Tema, May 29, GNA – The Tema Metropolitan Office of the National Commission for Civic Education (NCCE) has embarked on the celebration of this year’s Citizenship Week with a call on the youth to study Ghana’s 1992 Constitution.
Ms. Gifty Agyeiwaa Badu, the Acting Tema Metropolitan Director of the NCCE, leading civic educators to sensitize basic school pupils in the Metropolis said studying the Constitution was one sure way of knowing rights and responsibilities.
Ms. Badu in an interactive session with pupils of Tema Community Eight Number One Primary and Junior High School indicated that by knowing their rights and responsibilities, they could be in a better position to defend and protect the Constitution.
She said they had a duty to understand the provisions of the Constitution and apply them to their lives.
She added that there was the need to imbibe in the children’s values such as patriotism, nationhood, unity, national cohesion, loyalty to the state, and hard work as these contributed to national development and democratic governance.
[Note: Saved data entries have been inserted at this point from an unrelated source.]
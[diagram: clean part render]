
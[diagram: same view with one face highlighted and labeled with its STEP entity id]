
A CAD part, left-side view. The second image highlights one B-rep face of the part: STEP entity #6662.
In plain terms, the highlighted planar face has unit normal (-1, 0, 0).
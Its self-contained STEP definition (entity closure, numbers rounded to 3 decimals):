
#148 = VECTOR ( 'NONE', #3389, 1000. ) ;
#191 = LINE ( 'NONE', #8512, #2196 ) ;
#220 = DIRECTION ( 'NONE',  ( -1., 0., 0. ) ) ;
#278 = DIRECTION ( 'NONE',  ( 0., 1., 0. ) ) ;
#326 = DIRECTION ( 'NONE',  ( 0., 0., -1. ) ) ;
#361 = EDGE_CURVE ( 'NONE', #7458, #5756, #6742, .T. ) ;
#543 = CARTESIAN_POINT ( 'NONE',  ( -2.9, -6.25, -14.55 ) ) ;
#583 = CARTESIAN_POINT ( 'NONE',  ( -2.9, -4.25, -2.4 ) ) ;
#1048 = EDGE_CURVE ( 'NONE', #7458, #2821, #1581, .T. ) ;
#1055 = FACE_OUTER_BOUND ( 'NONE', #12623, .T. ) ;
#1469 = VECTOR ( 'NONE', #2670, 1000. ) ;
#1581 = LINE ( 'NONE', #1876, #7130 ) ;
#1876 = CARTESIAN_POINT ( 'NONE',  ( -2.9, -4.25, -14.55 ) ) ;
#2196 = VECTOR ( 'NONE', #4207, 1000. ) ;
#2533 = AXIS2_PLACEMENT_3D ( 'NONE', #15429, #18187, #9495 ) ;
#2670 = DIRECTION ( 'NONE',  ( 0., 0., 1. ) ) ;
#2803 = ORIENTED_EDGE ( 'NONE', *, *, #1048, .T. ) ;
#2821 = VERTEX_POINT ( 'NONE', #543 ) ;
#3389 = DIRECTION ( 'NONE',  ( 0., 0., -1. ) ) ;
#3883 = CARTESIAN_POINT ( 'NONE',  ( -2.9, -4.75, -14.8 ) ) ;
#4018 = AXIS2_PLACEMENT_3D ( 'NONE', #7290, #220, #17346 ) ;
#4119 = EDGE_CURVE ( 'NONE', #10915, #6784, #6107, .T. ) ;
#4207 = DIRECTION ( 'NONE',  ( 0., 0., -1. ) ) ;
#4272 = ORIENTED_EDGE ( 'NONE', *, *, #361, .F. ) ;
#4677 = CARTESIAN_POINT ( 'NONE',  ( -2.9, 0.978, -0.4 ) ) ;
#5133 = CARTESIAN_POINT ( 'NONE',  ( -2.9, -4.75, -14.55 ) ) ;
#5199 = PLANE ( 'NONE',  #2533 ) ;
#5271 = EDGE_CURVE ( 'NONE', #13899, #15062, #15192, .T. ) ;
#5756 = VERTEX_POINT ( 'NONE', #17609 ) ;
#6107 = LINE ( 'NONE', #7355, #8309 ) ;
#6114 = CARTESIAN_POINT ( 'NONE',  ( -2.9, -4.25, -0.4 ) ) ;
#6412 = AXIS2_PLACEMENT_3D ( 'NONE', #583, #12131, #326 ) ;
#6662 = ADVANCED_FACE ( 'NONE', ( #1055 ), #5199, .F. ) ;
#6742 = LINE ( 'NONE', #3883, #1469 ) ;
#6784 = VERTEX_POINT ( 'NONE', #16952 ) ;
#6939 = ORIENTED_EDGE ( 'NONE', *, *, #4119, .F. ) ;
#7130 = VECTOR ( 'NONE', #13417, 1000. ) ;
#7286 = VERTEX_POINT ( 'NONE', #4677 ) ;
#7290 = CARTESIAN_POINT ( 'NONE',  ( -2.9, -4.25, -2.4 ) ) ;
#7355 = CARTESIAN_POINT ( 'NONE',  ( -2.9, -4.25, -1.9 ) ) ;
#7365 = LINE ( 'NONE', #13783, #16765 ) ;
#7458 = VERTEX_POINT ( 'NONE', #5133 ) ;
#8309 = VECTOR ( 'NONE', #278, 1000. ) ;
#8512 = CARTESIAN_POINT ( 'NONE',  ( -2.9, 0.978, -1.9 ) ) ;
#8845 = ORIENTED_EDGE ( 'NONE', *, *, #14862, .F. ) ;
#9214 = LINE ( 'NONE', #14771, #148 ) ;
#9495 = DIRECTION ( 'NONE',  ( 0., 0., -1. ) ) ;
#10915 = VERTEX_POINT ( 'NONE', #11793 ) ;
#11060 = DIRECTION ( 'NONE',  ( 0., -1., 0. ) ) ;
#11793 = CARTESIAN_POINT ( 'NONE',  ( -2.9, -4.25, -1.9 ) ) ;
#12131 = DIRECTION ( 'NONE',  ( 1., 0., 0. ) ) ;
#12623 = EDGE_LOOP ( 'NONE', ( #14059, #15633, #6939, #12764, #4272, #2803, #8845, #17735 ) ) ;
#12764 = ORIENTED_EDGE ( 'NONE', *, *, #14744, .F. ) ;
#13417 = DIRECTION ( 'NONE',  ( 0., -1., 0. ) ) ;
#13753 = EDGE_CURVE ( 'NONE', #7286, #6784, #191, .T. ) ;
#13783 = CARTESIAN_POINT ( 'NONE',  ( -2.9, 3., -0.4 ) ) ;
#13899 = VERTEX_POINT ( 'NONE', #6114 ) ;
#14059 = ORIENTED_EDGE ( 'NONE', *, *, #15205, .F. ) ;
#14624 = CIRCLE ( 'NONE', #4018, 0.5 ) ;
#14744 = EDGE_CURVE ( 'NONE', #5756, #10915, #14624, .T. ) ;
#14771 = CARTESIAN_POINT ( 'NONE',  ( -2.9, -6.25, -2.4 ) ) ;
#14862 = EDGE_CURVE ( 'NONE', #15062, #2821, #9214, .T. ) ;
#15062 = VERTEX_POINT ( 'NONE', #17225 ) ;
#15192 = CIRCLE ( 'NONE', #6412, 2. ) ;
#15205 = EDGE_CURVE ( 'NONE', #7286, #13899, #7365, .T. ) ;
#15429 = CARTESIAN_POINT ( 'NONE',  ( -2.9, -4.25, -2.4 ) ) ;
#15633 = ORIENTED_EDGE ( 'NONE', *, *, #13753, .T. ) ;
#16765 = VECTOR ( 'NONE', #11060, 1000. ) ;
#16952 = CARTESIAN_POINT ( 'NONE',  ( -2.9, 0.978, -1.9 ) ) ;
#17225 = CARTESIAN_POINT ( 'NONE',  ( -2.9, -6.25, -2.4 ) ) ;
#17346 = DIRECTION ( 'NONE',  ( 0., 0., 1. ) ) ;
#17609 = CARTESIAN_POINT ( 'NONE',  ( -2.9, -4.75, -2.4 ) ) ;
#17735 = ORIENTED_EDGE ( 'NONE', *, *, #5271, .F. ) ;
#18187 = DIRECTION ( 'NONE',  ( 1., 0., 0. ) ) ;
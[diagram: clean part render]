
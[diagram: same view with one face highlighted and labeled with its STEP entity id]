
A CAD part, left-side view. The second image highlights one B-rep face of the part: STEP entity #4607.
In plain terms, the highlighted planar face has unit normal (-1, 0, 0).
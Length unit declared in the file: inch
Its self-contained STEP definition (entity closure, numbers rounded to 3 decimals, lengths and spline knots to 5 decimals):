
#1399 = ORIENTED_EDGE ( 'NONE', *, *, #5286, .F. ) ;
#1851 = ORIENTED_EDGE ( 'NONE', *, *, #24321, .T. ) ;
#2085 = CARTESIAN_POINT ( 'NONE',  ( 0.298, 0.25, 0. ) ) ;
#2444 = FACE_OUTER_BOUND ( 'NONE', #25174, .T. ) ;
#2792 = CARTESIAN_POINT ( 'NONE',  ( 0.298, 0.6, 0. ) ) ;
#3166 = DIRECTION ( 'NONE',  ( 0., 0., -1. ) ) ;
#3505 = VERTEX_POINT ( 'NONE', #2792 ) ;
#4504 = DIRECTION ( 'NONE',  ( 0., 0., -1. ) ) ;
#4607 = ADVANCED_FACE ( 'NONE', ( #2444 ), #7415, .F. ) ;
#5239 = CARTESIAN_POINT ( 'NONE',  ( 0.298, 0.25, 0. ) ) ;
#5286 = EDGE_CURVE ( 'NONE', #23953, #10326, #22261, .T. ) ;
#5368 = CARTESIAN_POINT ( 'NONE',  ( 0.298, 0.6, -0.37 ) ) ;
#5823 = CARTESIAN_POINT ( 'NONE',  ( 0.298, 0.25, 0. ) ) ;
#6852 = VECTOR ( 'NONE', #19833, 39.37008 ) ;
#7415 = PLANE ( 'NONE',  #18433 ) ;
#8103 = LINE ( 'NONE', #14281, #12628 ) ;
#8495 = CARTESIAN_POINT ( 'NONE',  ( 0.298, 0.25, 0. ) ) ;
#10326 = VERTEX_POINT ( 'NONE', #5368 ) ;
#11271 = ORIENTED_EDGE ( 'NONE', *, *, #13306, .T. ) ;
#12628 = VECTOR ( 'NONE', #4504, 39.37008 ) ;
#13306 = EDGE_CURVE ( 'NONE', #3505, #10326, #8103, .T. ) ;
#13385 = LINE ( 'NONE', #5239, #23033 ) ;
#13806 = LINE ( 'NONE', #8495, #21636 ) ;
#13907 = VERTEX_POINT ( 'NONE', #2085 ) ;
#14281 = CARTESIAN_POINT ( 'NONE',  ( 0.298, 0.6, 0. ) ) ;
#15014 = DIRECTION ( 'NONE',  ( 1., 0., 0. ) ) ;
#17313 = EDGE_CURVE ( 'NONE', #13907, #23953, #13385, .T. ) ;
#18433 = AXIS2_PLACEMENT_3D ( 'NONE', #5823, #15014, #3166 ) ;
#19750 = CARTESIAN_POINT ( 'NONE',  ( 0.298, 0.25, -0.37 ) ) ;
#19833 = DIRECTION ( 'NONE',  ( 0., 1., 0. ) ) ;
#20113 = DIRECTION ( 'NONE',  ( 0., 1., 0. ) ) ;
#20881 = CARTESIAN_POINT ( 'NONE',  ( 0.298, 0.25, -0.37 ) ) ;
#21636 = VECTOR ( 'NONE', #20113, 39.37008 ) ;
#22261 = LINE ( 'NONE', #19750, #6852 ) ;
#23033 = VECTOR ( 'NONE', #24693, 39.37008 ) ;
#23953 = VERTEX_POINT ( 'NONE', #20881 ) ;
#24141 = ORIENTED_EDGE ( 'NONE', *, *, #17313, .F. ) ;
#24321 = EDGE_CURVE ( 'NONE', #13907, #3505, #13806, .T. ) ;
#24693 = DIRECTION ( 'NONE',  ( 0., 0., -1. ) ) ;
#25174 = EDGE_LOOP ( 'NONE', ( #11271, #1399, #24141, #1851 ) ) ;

Speaking on this year’s theme: “Sustaining Ghana’s Democracy, Ghanaian Value in Practice: The Role of a Child,” she urged the students to defend and protect their country.
She said it was enshrined in the Constitution that Ghanaians including children had a collective commitment to uphold and defend it against interference and interruptions and particularly study the Constitution as they must understand the provisions and apply it.
Giving a brief history of the Citizenship Week celebration, she said it was one of the flagship programmes initiated by the NCCE and celebrated annually to educate the youth on the need to uphold the provisions of the 1992 Constitution through interactive sessions and the use of positive role models in the society.
Ms. Badu said during the week-long celebrations, basic school pupils were reminded of the need for nationalism and patriotism.
She explained that nationalism was the collective sense of Ghanaians as one people, despite their different ethnic and tribal origins, as well as their varied religious backgrounds and political affiliations, while patriotism had to do with the love one had for his or her country.
She identified other Ghanaian values that must be imparted into children as challenging work and a strong self-help spirit at home, community, and school, sincerity, justice, and fairness as well as respect for the elderly.
She urged Ghanaians to respect national symbols and institutions such as the Flag of Ghana, the National Anthem, the National Pledge, the national currency, and the seat of Government, among others.
She called for honesty and integrity with peers, parents, friends, and the elderly while having decency and decorum in language, and discipline in private and public life.